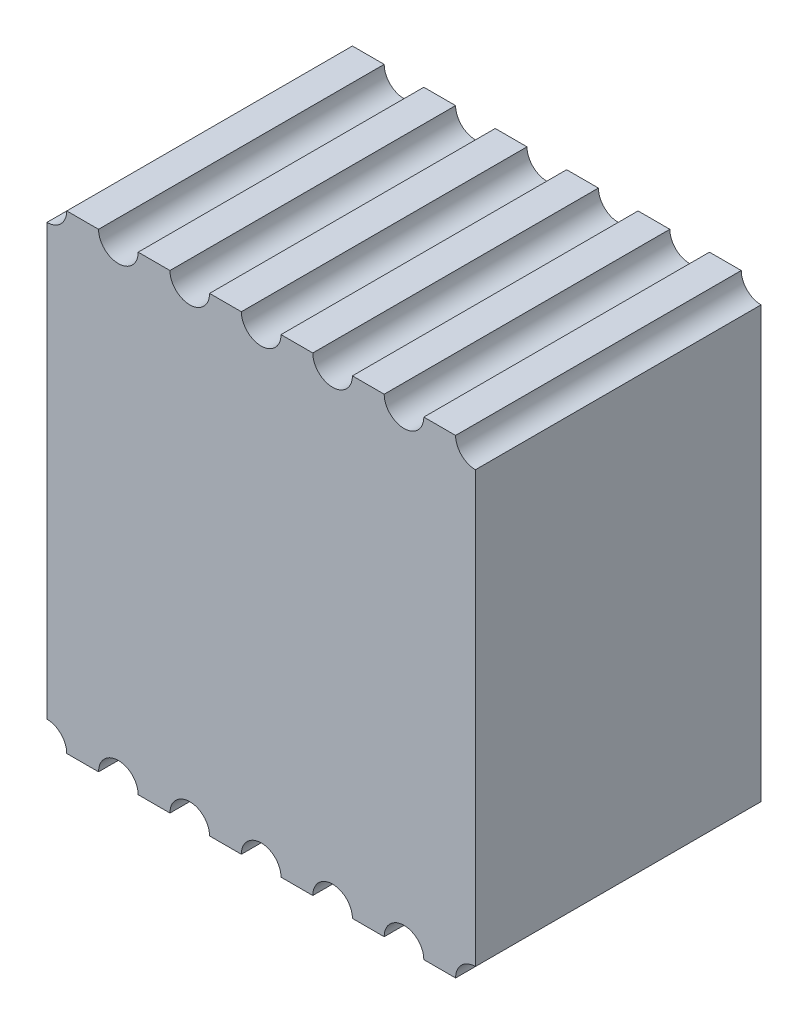
ISO-10303-21;
HEADER;
FILE_DESCRIPTION(('STEP AP214'),'2;1');
FILE_NAME('part.step','',(''),(''),'','','');
FILE_SCHEMA(('AUTOMOTIVE_DESIGN { 1 0 10303 214 1 1 1 1 }'));
ENDSEC;
DATA;
#1=APPLICATION_CONTEXT('core data for automotive mechanical design processes');
#2=APPLICATION_PROTOCOL_DEFINITION('international standard','automotive_design',2000,#1);
#3=PRODUCT_CONTEXT('',#1,'mechanical');
#4=PRODUCT('Part','Part','',(#3));
#5=PRODUCT_RELATED_PRODUCT_CATEGORY('part','',(#4));
#6=PRODUCT_DEFINITION_FORMATION('','',#4);
#7=PRODUCT_DEFINITION_CONTEXT('part definition',#1,'design');
#8=PRODUCT_DEFINITION('design','',#6,#7);
#9=PRODUCT_DEFINITION_SHAPE('','',#8);
#10=(LENGTH_UNIT() NAMED_UNIT(*) SI_UNIT(.MILLI.,.METRE.));
#11=(NAMED_UNIT(*) PLANE_ANGLE_UNIT() SI_UNIT($,.RADIAN.));
#12=(NAMED_UNIT(*) SI_UNIT($,.STERADIAN.) SOLID_ANGLE_UNIT());
#13=UNCERTAINTY_MEASURE_WITH_UNIT(LENGTH_MEASURE(1.E-05),#10,'distance_accuracy_value','');
#14=(GEOMETRIC_REPRESENTATION_CONTEXT(3) GLOBAL_UNCERTAINTY_ASSIGNED_CONTEXT((#13)) GLOBAL_UNIT_ASSIGNED_CONTEXT((#10,
#11,#12)) REPRESENTATION_CONTEXT('',''));
#15=CARTESIAN_POINT('',(0.,0.,0.));
#16=DIRECTION('',(0.,0.,1.));
#17=DIRECTION('',(1.,0.,0.));
#18=AXIS2_PLACEMENT_3D('',#15,#16,#17);
#19=CARTESIAN_POINT('',(9.99999999999997,13.1600000000002,8.));
#20=DIRECTION('',(0.,0.,-1.));
#21=DIRECTION('',(-1.,0.,0.));
#22=AXIS2_PLACEMENT_3D('',#19,#20,#21);
#23=CYLINDRICAL_SURFACE('',#22,0.555);
#24=CARTESIAN_POINT('',(9.99999999999997,13.1600000000002,0.));
#25=DIRECTION('',(0.,0.,-1.));
#26=DIRECTION('',(1.,0.,0.));
#27=AXIS2_PLACEMENT_3D('',#24,#25,#26);
#28=CIRCLE('',#27,0.555);
#29=CARTESIAN_POINT('',(10.555,13.1600000000002,0.));
#30=VERTEX_POINT('',#29);
#31=CARTESIAN_POINT('',(9.44499999999997,13.1600000000002,0.));
#32=VERTEX_POINT('',#31);
#33=EDGE_CURVE('E266',#30,#32,#28,.T.);
#34=ORIENTED_EDGE('',*,*,#33,.T.);
#35=DIRECTION('',(0.,0.,-1.));
#36=VECTOR('',#35,1.);
#37=CARTESIAN_POINT('',(9.44499999999997,13.1600000000002,8.));
#38=LINE('',#37,#36);
#39=CARTESIAN_POINT('',(9.44499999999997,13.1600000000002,8.));
#40=VERTEX_POINT('',#39);
#41=EDGE_CURVE('E11',#40,#32,#38,.T.);
#42=ORIENTED_EDGE('',*,*,#41,.F.);
#43=CARTESIAN_POINT('',(9.99999999999997,13.1600000000002,8.));
#44=DIRECTION('',(0.,0.,-1.));
#45=DIRECTION('',(1.,0.,0.));
#46=AXIS2_PLACEMENT_3D('',#43,#44,#45);
#47=CIRCLE('',#46,0.555);
#48=CARTESIAN_POINT('',(10.555,13.1600000000002,8.));
#49=VERTEX_POINT('',#48);
#50=EDGE_CURVE('E348',#49,#40,#47,.T.);
#51=ORIENTED_EDGE('',*,*,#50,.F.);
#52=DIRECTION('',(0.,0.,-1.));
#53=VECTOR('',#52,1.);
#54=CARTESIAN_POINT('',(10.555,13.1600000000002,8.));
#55=LINE('',#54,#53);
#56=EDGE_CURVE('E262',#49,#30,#55,.T.);
#57=ORIENTED_EDGE('',*,*,#56,.T.);
#58=EDGE_LOOP('',(#34,#42,#51,#57));
#59=FACE_BOUND('',#58,.T.);
#60=ADVANCED_FACE('F45',(#59),#23,.F.);
#61=CARTESIAN_POINT('',(9.44499999999997,13.1600000000002,8.));
#62=DIRECTION('',(0.,-1.,0.));
#63=DIRECTION('',(0.,0.,-1.));
#64=AXIS2_PLACEMENT_3D('',#61,#62,#63);
#65=PLANE('',#64);
#66=DIRECTION('',(-1.,0.,0.));
#67=VECTOR('',#66,1.);
#68=CARTESIAN_POINT('',(9.44499999999997,13.1600000000002,0.));
#69=LINE('',#68,#67);
#70=CARTESIAN_POINT('',(8.55499999999997,13.1600000000002,0.));
#71=VERTEX_POINT('',#70);
#72=EDGE_CURVE('E270',#32,#71,#69,.T.);
#73=ORIENTED_EDGE('',*,*,#72,.T.);
#74=DIRECTION('',(0.,0.,-1.));
#75=VECTOR('',#74,1.);
#76=CARTESIAN_POINT('',(8.55499999999997,13.1600000000002,8.));
#77=LINE('',#76,#75);
#78=CARTESIAN_POINT('',(8.55499999999997,13.1600000000002,8.));
#79=VERTEX_POINT('',#78);
#80=EDGE_CURVE('E54',#79,#71,#77,.T.);
#81=ORIENTED_EDGE('',*,*,#80,.F.);
#82=DIRECTION('',(-1.,0.,0.));
#83=VECTOR('',#82,1.);
#84=CARTESIAN_POINT('',(9.44499999999997,13.1600000000002,8.));
#85=LINE('',#84,#83);
#86=EDGE_CURVE('E165',#40,#79,#85,.T.);
#87=ORIENTED_EDGE('',*,*,#86,.F.);
#88=ORIENTED_EDGE('',*,*,#41,.T.);
#89=EDGE_LOOP('',(#73,#81,#87,#88));
#90=FACE_BOUND('',#89,.T.);
#91=ADVANCED_FACE('F554',(#90),#65,.F.);
#92=CARTESIAN_POINT('',(7.99999999999997,13.1600000000002,8.));
#93=DIRECTION('',(0.,0.,-1.));
#94=DIRECTION('',(-1.,0.,0.));
#95=AXIS2_PLACEMENT_3D('',#92,#93,#94);
#96=CYLINDRICAL_SURFACE('',#95,0.555);
#97=CARTESIAN_POINT('',(7.99999999999997,13.1600000000002,0.));
#98=DIRECTION('',(0.,0.,-1.));
#99=DIRECTION('',(1.,0.,0.));
#100=AXIS2_PLACEMENT_3D('',#97,#98,#99);
#101=CIRCLE('',#100,0.555);
#102=CARTESIAN_POINT('',(7.44499999999997,13.1600000000002,0.));
#103=VERTEX_POINT('',#102);
#104=EDGE_CURVE('E273',#71,#103,#101,.T.);
#105=ORIENTED_EDGE('',*,*,#104,.T.);
#106=DIRECTION('',(0.,0.,-1.));
#107=VECTOR('',#106,1.);
#108=CARTESIAN_POINT('',(7.44499999999997,13.1600000000002,8.));
#109=LINE('',#108,#107);
#110=CARTESIAN_POINT('',(7.44499999999997,13.1600000000002,8.));
#111=VERTEX_POINT('',#110);
#112=EDGE_CURVE('E439',#111,#103,#109,.T.);
#113=ORIENTED_EDGE('',*,*,#112,.F.);
#114=CARTESIAN_POINT('',(7.99999999999997,13.1600000000002,8.));
#115=DIRECTION('',(0.,0.,-1.));
#116=DIRECTION('',(1.,0.,0.));
#117=AXIS2_PLACEMENT_3D('',#114,#115,#116);
#118=CIRCLE('',#117,0.555);
#119=EDGE_CURVE('E449',#79,#111,#118,.T.);
#120=ORIENTED_EDGE('',*,*,#119,.F.);
#121=ORIENTED_EDGE('',*,*,#80,.T.);
#122=EDGE_LOOP('',(#105,#113,#120,#121));
#123=FACE_BOUND('',#122,.T.);
#124=ADVANCED_FACE('F447',(#123),#96,.F.);
#125=CARTESIAN_POINT('',(7.44499999999997,13.1600000000002,8.));
#126=DIRECTION('',(0.,-1.,0.));
#127=DIRECTION('',(0.,0.,-1.));
#128=AXIS2_PLACEMENT_3D('',#125,#126,#127);
#129=PLANE('',#128);
#130=DIRECTION('',(-1.,0.,0.));
#131=VECTOR('',#130,1.);
#132=CARTESIAN_POINT('',(7.44499999999997,13.1600000000002,0.));
#133=LINE('',#132,#131);
#134=CARTESIAN_POINT('',(6.55499999999997,13.1600000000002,0.));
#135=VERTEX_POINT('',#134);
#136=EDGE_CURVE('E276',#103,#135,#133,.T.);
#137=ORIENTED_EDGE('',*,*,#136,.T.);
#138=DIRECTION('',(0.,0.,-1.));
#139=VECTOR('',#138,1.);
#140=CARTESIAN_POINT('',(6.55499999999997,13.1600000000002,8.));
#141=LINE('',#140,#139);
#142=CARTESIAN_POINT('',(6.55499999999997,13.1600000000002,8.));
#143=VERTEX_POINT('',#142);
#144=EDGE_CURVE('E435',#143,#135,#141,.T.);
#145=ORIENTED_EDGE('',*,*,#144,.F.);
#146=DIRECTION('',(-1.,0.,0.));
#147=VECTOR('',#146,1.);
#148=CARTESIAN_POINT('',(7.44499999999997,13.1600000000002,8.));
#149=LINE('',#148,#147);
#150=EDGE_CURVE('E468',#111,#143,#149,.T.);
#151=ORIENTED_EDGE('',*,*,#150,.F.);
#152=ORIENTED_EDGE('',*,*,#112,.T.);
#153=EDGE_LOOP('',(#137,#145,#151,#152));
#154=FACE_BOUND('',#153,.T.);
#155=ADVANCED_FACE('F458',(#154),#129,.F.);
#156=CARTESIAN_POINT('',(5.99999999999999,13.1600000000002,8.));
#157=DIRECTION('',(0.,0.,-1.));
#158=DIRECTION('',(-1.,0.,0.));
#159=AXIS2_PLACEMENT_3D('',#156,#157,#158);
#160=CYLINDRICAL_SURFACE('',#159,0.554999999999976);
#161=CARTESIAN_POINT('',(5.99999999999999,13.1600000000002,0.));
#162=DIRECTION('',(0.,0.,-1.));
#163=DIRECTION('',(-1.,0.,0.));
#164=AXIS2_PLACEMENT_3D('',#161,#162,#163);
#165=CIRCLE('',#164,0.554999999999976);
#166=CARTESIAN_POINT('',(5.44500000000002,13.1600000000002,0.));
#167=VERTEX_POINT('',#166);
#168=EDGE_CURVE('E279',#135,#167,#165,.T.);
#169=ORIENTED_EDGE('',*,*,#168,.T.);
#170=DIRECTION('',(0.,0.,-1.));
#171=VECTOR('',#170,1.);
#172=CARTESIAN_POINT('',(5.44500000000002,13.1600000000002,8.));
#173=LINE('',#172,#171);
#174=CARTESIAN_POINT('',(5.44500000000002,13.1600000000002,8.));
#175=VERTEX_POINT('',#174);
#176=EDGE_CURVE('E431',#175,#167,#173,.T.);
#177=ORIENTED_EDGE('',*,*,#176,.F.);
#178=CARTESIAN_POINT('',(5.99999999999999,13.1600000000002,8.));
#179=DIRECTION('',(0.,0.,-1.));
#180=DIRECTION('',(-1.,0.,0.));
#181=AXIS2_PLACEMENT_3D('',#178,#179,#180);
#182=CIRCLE('',#181,0.554999999999976);
#183=EDGE_CURVE('E464',#143,#175,#182,.T.);
#184=ORIENTED_EDGE('',*,*,#183,.F.);
#185=ORIENTED_EDGE('',*,*,#144,.T.);
#186=EDGE_LOOP('',(#169,#177,#184,#185));
#187=FACE_BOUND('',#186,.T.);
#188=ADVANCED_FACE('F462',(#187),#160,.F.);
#189=CARTESIAN_POINT('',(5.44500000000002,13.1600000000002,8.));
#190=DIRECTION('',(0.,-1.,0.));
#191=DIRECTION('',(0.,0.,-1.));
#192=AXIS2_PLACEMENT_3D('',#189,#190,#191);
#193=PLANE('',#192);
#194=DIRECTION('',(-1.,0.,0.));
#195=VECTOR('',#194,1.);
#196=CARTESIAN_POINT('',(5.44500000000002,13.1600000000002,0.));
#197=LINE('',#196,#195);
#198=CARTESIAN_POINT('',(4.55499999999997,13.1600000000002,0.));
#199=VERTEX_POINT('',#198);
#200=EDGE_CURVE('E282',#167,#199,#197,.T.);
#201=ORIENTED_EDGE('',*,*,#200,.T.);
#202=DIRECTION('',(0.,0.,-1.));
#203=VECTOR('',#202,1.);
#204=CARTESIAN_POINT('',(4.55499999999997,13.1600000000002,8.));
#205=LINE('',#204,#203);
#206=CARTESIAN_POINT('',(4.55499999999997,13.1600000000002,8.));
#207=VERTEX_POINT('',#206);
#208=EDGE_CURVE('E427',#207,#199,#205,.T.);
#209=ORIENTED_EDGE('',*,*,#208,.F.);
#210=DIRECTION('',(-1.,0.,0.));
#211=VECTOR('',#210,1.);
#212=CARTESIAN_POINT('',(5.44500000000002,13.1600000000002,8.));
#213=LINE('',#212,#211);
#214=EDGE_CURVE('E467',#175,#207,#213,.T.);
#215=ORIENTED_EDGE('',*,*,#214,.F.);
#216=ORIENTED_EDGE('',*,*,#176,.T.);
#217=EDGE_LOOP('',(#201,#209,#215,#216));
#218=FACE_BOUND('',#217,.T.);
#219=ADVANCED_FACE('F567',(#218),#193,.F.);
#220=CARTESIAN_POINT('',(3.99999999999997,13.1600000000002,8.));
#221=DIRECTION('',(0.,0.,-1.));
#222=DIRECTION('',(-1.,0.,0.));
#223=AXIS2_PLACEMENT_3D('',#220,#221,#222);
#224=CYLINDRICAL_SURFACE('',#223,0.555);
#225=CARTESIAN_POINT('',(3.99999999999997,13.1600000000002,0.));
#226=DIRECTION('',(0.,0.,-1.));
#227=DIRECTION('',(-1.,0.,0.));
#228=AXIS2_PLACEMENT_3D('',#225,#226,#227);
#229=CIRCLE('',#228,0.555);
#230=CARTESIAN_POINT('',(3.44499999999997,13.1600000000001,0.));
#231=VERTEX_POINT('',#230);
#232=EDGE_CURVE('E285',#199,#231,#229,.T.);
#233=ORIENTED_EDGE('',*,*,#232,.T.);
#234=DIRECTION('',(0.,0.,-1.));
#235=VECTOR('',#234,1.);
#236=CARTESIAN_POINT('',(3.44499999999997,13.1600000000001,8.));
#237=LINE('',#236,#235);
#238=CARTESIAN_POINT('',(3.44499999999997,13.1600000000001,8.));
#239=VERTEX_POINT('',#238);
#240=EDGE_CURVE('E423',#239,#231,#237,.T.);
#241=ORIENTED_EDGE('',*,*,#240,.F.);
#242=CARTESIAN_POINT('',(3.99999999999997,13.1600000000002,8.));
#243=DIRECTION('',(0.,0.,-1.));
#244=DIRECTION('',(-1.,0.,0.));
#245=AXIS2_PLACEMENT_3D('',#242,#243,#244);
#246=CIRCLE('',#245,0.555);
#247=EDGE_CURVE('E472',#207,#239,#246,.T.);
#248=ORIENTED_EDGE('',*,*,#247,.F.);
#249=ORIENTED_EDGE('',*,*,#208,.T.);
#250=EDGE_LOOP('',(#233,#241,#248,#249));
#251=FACE_BOUND('',#250,.T.);
#252=ADVANCED_FACE('F570',(#251),#224,.F.);
#253=CARTESIAN_POINT('',(3.44499999999997,13.1600000000001,8.));
#254=DIRECTION('',(0.,-1.,0.));
#255=DIRECTION('',(0.,0.,-1.));
#256=AXIS2_PLACEMENT_3D('',#253,#254,#255);
#257=PLANE('',#256);
#258=DIRECTION('',(-1.,0.,0.));
#259=VECTOR('',#258,1.);
#260=CARTESIAN_POINT('',(3.44499999999997,13.1600000000001,0.));
#261=LINE('',#260,#259);
#262=CARTESIAN_POINT('',(2.55499999999997,13.1600000000001,0.));
#263=VERTEX_POINT('',#262);
#264=EDGE_CURVE('E288',#231,#263,#261,.T.);
#265=ORIENTED_EDGE('',*,*,#264,.T.);
#266=DIRECTION('',(0.,0.,-1.));
#267=VECTOR('',#266,1.);
#268=CARTESIAN_POINT('',(2.55499999999997,13.1600000000001,8.));
#269=LINE('',#268,#267);
#270=CARTESIAN_POINT('',(2.55499999999997,13.1600000000001,8.));
#271=VERTEX_POINT('',#270);
#272=EDGE_CURVE('E419',#271,#263,#269,.T.);
#273=ORIENTED_EDGE('',*,*,#272,.F.);
#274=DIRECTION('',(-1.,0.,0.));
#275=VECTOR('',#274,1.);
#276=CARTESIAN_POINT('',(3.44499999999997,13.1600000000001,8.));
#277=LINE('',#276,#275);
#278=EDGE_CURVE('E479',#239,#271,#277,.T.);
#279=ORIENTED_EDGE('',*,*,#278,.F.);
#280=ORIENTED_EDGE('',*,*,#240,.T.);
#281=EDGE_LOOP('',(#265,#273,#279,#280));
#282=FACE_BOUND('',#281,.T.);
#283=ADVANCED_FACE('F574',(#282),#257,.F.);
#284=CARTESIAN_POINT('',(1.99999999999997,13.1600000000001,8.));
#285=DIRECTION('',(0.,0.,-1.));
#286=DIRECTION('',(-1.,0.,0.));
#287=AXIS2_PLACEMENT_3D('',#284,#285,#286);
#288=CYLINDRICAL_SURFACE('',#287,0.555);
#289=CARTESIAN_POINT('',(1.99999999999997,13.1600000000001,0.));
#290=DIRECTION('',(0.,0.,-1.));
#291=DIRECTION('',(1.,0.,0.));
#292=AXIS2_PLACEMENT_3D('',#289,#290,#291);
#293=CIRCLE('',#292,0.555);
#294=CARTESIAN_POINT('',(1.44499999999997,13.1600000000001,0.));
#295=VERTEX_POINT('',#294);
#296=EDGE_CURVE('E291',#263,#295,#293,.T.);
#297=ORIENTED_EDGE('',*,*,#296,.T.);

☆ ☆ ☆ ☆ ☆

Up to and including the line containing "#39=CARTESIAN_POINT('',(9.44499999999997,13.1600000000002,8.));", repeat every line from the start of the data, but none of the pictures.

The completed task →
ISO-10303-21;
HEADER;
FILE_DESCRIPTION(('STEP AP214'),'2;1');
FILE_NAME('part.step','',(''),(''),'','','');
FILE_SCHEMA(('AUTOMOTIVE_DESIGN { 1 0 10303 214 1 1 1 1 }'));
ENDSEC;
DATA;
#1=APPLICATION_CONTEXT('core data for automotive mechanical design processes');
#2=APPLICATION_PROTOCOL_DEFINITION('international standard','automotive_design',2000,#1);
#3=PRODUCT_CONTEXT('',#1,'mechanical');
#4=PRODUCT('Part','Part','',(#3));
#5=PRODUCT_RELATED_PRODUCT_CATEGORY('part','',(#4));
#6=PRODUCT_DEFINITION_FORMATION('','',#4);
#7=PRODUCT_DEFINITION_CONTEXT('part definition',#1,'design');
#8=PRODUCT_DEFINITION('design','',#6,#7);
#9=PRODUCT_DEFINITION_SHAPE('','',#8);
#10=(LENGTH_UNIT() NAMED_UNIT(*) SI_UNIT(.MILLI.,.METRE.));
#11=(NAMED_UNIT(*) PLANE_ANGLE_UNIT() SI_UNIT($,.RADIAN.));
#12=(NAMED_UNIT(*) SI_UNIT($,.STERADIAN.) SOLID_ANGLE_UNIT());
#13=UNCERTAINTY_MEASURE_WITH_UNIT(LENGTH_MEASURE(1.E-05),#10,'distance_accuracy_value','');
#14=(GEOMETRIC_REPRESENTATION_CONTEXT(3) GLOBAL_UNCERTAINTY_ASSIGNED_CONTEXT((#13)) GLOBAL_UNIT_ASSIGNED_CONTEXT((#10,
#11,#12)) REPRESENTATION_CONTEXT('',''));
#15=CARTESIAN_POINT('',(0.,0.,0.));
#16=DIRECTION('',(0.,0.,1.));
#17=DIRECTION('',(1.,0.,0.));
#18=AXIS2_PLACEMENT_3D('',#15,#16,#17);
#19=CARTESIAN_POINT('',(9.99999999999997,13.1600000000002,8.));
#20=DIRECTION('',(0.,0.,-1.));
#21=DIRECTION('',(-1.,0.,0.));
#22=AXIS2_PLACEMENT_3D('',#19,#20,#21);
#23=CYLINDRICAL_SURFACE('',#22,0.555);
#24=CARTESIAN_POINT('',(9.99999999999997,13.1600000000002,0.));
#25=DIRECTION('',(0.,0.,-1.));
#26=DIRECTION('',(1.,0.,0.));
#27=AXIS2_PLACEMENT_3D('',#24,#25,#26);
#28=CIRCLE('',#27,0.555);
#29=CARTESIAN_POINT('',(10.555,13.1600000000002,0.));
#30=VERTEX_POINT('',#29);
#31=CARTESIAN_POINT('',(9.44499999999997,13.1600000000002,0.));
#32=VERTEX_POINT('',#31);
#33=EDGE_CURVE('E266',#30,#32,#28,.T.);
#34=ORIENTED_EDGE('',*,*,#33,.T.);
#35=DIRECTION('',(0.,0.,-1.));
#36=VECTOR('',#35,1.);
#37=CARTESIAN_POINT('',(9.44499999999997,13.1600000000002,8.));
#38=LINE('',#37,#36);
#39=CARTESIAN_POINT('',(9.44499999999997,13.1600000000002,8.));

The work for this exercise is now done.